*** Data in this exercise Section Begins ***

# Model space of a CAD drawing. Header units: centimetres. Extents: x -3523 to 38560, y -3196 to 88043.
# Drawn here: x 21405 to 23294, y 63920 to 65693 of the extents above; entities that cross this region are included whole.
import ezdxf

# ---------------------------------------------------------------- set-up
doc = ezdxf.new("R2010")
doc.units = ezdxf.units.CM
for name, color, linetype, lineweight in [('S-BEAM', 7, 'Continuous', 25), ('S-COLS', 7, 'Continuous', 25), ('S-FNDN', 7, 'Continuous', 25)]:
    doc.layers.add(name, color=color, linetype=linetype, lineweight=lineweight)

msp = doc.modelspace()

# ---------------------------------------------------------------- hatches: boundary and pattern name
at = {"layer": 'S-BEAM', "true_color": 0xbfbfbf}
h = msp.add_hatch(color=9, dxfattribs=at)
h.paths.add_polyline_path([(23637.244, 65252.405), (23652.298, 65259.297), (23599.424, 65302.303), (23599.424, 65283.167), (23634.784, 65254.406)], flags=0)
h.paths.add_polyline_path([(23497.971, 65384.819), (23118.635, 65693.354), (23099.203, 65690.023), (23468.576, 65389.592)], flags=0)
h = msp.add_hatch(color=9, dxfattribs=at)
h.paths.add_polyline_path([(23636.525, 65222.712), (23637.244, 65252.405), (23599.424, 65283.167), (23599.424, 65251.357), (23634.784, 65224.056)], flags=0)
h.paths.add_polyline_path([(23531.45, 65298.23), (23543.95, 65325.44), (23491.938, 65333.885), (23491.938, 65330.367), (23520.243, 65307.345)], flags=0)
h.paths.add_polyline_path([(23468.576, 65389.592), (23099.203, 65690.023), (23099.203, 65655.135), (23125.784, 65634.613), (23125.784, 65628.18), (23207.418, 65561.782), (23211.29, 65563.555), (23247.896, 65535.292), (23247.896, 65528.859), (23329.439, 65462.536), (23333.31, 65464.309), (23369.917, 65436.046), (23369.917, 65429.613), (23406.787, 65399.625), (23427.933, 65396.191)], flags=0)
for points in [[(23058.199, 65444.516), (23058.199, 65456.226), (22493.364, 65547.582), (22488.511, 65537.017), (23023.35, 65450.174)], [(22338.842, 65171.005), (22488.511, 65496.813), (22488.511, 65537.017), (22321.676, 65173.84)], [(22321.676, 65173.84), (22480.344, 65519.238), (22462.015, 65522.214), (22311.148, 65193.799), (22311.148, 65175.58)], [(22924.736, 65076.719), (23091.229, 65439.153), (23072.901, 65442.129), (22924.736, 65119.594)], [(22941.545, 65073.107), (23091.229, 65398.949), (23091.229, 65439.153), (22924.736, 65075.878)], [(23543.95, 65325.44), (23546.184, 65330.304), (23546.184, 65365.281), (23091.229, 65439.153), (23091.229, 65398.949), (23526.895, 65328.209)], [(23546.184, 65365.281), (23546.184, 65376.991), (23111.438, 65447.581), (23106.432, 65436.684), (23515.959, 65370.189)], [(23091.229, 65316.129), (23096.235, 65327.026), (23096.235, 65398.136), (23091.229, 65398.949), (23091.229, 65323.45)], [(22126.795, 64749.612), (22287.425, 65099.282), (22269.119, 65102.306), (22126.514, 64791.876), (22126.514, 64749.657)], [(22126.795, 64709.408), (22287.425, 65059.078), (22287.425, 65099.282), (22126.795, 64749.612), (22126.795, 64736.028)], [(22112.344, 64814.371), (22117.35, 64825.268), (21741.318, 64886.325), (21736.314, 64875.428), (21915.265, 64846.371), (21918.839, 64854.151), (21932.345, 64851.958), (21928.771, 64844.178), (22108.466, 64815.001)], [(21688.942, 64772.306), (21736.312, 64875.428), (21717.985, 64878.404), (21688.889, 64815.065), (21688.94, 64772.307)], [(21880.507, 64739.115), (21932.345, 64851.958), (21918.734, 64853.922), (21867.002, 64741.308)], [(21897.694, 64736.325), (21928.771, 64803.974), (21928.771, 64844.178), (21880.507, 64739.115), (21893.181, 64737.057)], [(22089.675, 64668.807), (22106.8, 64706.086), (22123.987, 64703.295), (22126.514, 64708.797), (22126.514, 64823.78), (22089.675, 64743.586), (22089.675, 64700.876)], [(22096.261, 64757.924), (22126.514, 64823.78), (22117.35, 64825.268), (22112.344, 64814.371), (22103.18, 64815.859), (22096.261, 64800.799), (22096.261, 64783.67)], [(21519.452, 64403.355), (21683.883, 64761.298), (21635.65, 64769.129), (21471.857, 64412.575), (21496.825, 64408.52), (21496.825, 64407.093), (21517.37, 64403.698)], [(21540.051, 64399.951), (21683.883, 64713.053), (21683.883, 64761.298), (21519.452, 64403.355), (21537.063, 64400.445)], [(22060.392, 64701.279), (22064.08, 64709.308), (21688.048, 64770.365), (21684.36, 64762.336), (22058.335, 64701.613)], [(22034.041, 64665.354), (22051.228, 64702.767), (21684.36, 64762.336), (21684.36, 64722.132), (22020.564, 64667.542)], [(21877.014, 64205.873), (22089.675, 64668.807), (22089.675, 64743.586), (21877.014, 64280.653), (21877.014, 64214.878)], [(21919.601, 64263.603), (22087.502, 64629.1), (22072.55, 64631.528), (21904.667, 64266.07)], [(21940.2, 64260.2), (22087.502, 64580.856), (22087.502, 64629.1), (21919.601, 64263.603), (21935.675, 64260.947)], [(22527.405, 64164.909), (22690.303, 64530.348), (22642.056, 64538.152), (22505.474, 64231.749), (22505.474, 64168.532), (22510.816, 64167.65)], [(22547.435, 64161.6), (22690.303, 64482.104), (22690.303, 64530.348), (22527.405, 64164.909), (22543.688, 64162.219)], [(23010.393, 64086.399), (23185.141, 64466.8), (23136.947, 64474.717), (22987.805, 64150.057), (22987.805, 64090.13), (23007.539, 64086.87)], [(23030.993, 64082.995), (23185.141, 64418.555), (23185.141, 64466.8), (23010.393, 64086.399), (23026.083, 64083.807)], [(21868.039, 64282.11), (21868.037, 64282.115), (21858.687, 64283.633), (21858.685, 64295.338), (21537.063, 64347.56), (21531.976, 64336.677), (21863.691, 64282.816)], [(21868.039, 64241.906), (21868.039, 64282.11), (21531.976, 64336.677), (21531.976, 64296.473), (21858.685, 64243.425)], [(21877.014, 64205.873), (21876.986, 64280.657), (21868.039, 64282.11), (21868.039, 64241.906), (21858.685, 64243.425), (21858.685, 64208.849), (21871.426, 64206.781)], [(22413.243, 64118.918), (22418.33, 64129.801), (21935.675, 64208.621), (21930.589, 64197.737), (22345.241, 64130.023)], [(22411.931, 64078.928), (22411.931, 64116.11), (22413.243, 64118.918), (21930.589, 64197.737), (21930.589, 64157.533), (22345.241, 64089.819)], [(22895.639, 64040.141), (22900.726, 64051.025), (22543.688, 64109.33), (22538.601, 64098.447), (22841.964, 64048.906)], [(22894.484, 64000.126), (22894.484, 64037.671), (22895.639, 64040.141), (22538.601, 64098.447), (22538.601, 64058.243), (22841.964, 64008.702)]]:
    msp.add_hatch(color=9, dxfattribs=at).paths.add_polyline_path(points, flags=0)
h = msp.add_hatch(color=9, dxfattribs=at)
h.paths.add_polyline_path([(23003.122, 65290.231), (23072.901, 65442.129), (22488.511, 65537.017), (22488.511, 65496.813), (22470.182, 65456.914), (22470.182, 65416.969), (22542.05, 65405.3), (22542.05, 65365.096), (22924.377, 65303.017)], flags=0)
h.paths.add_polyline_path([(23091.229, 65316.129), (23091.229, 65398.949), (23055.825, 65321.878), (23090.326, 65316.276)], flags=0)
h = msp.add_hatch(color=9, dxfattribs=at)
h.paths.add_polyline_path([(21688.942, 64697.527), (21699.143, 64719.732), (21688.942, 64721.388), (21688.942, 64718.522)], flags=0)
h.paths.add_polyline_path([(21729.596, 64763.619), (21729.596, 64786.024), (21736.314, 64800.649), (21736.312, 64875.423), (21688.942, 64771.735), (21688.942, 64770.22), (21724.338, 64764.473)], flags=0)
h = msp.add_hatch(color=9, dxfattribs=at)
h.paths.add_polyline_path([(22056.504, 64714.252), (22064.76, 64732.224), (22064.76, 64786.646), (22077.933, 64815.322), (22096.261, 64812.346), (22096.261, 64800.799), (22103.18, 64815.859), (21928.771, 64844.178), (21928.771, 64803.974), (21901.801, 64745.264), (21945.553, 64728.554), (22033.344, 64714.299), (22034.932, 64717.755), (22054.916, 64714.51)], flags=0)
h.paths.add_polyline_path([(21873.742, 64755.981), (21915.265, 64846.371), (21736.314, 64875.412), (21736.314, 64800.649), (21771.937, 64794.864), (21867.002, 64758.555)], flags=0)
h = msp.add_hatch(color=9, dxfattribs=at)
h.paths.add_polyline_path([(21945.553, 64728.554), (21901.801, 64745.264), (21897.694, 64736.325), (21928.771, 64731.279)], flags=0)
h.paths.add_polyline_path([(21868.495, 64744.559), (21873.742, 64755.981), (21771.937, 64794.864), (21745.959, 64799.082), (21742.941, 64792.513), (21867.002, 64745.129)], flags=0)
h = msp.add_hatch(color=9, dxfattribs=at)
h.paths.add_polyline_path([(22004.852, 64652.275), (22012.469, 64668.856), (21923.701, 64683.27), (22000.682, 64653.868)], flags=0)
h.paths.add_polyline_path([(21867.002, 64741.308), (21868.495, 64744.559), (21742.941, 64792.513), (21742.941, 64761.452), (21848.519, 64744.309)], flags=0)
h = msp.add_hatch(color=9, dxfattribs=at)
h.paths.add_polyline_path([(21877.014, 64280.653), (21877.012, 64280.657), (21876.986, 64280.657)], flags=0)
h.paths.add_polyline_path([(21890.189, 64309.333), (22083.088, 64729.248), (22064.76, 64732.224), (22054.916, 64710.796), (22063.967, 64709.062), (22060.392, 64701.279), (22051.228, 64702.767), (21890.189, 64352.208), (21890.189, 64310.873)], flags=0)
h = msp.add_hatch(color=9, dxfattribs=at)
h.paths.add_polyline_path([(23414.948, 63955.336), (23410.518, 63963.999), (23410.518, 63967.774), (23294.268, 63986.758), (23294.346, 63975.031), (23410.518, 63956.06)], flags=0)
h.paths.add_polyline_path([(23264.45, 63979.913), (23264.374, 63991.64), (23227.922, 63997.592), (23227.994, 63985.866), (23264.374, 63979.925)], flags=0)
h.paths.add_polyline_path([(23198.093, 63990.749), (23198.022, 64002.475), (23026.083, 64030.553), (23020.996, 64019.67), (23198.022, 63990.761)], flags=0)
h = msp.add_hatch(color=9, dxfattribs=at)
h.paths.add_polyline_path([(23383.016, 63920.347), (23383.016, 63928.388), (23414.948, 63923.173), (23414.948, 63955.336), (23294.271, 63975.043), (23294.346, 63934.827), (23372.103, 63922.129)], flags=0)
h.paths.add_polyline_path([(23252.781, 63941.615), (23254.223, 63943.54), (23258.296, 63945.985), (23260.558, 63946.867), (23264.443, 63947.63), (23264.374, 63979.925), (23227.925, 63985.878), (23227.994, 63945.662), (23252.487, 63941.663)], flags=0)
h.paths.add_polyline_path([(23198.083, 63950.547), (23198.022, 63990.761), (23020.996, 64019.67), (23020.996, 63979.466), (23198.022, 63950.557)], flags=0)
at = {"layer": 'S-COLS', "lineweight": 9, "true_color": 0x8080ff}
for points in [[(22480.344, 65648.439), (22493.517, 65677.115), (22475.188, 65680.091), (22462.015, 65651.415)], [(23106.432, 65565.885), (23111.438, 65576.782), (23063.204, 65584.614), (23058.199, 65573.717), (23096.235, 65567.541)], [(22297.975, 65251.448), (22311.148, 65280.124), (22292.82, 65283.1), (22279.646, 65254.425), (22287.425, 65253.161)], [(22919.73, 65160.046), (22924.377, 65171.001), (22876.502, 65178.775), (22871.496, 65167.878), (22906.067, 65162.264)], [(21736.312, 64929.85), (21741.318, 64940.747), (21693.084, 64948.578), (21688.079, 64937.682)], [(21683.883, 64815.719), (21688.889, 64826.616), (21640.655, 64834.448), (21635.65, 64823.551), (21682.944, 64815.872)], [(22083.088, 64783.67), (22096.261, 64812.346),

*** Data in this exercise Section Ends ***

Exercise: Please give back, exactly as it stands above, the stretch from the line with "(21876.986, 64280.657)], flags=0)" through the line with "(23198.022, 63990.761)], flags=0)", and no line outside it.

Answer to this problem:
h.paths.add_polyline_path([(21877.014, 64280.653), (21877.012, 64280.657), (21876.986, 64280.657)], flags=0)
h.paths.add_polyline_path([(21890.189, 64309.333), (22083.088, 64729.248), (22064.76, 64732.224), (22054.916, 64710.796), (22063.967, 64709.062), (22060.392, 64701.279), (22051.228, 64702.767), (21890.189, 64352.208), (21890.189, 64310.873)], flags=0)
h = msp.add_hatch(color=9, dxfattribs=at)
h.paths.add_polyline_path([(23414.948, 63955.336), (23410.518, 63963.999), (23410.518, 63967.774), (23294.268, 63986.758), (23294.346, 63975.031), (23410.518, 63956.06)], flags=0)
h.paths.add_polyline_path([(23264.45, 63979.913), (23264.374, 63991.64), (23227.922, 63997.592), (23227.994, 63985.866), (23264.374, 63979.925)], flags=0)
h.paths.add_polyline_path([(23198.093, 63990.749), (23198.022, 64002.475), (23026.083, 64030.553), (23020.996, 64019.67), (23198.022, 63990.761)], flags=0)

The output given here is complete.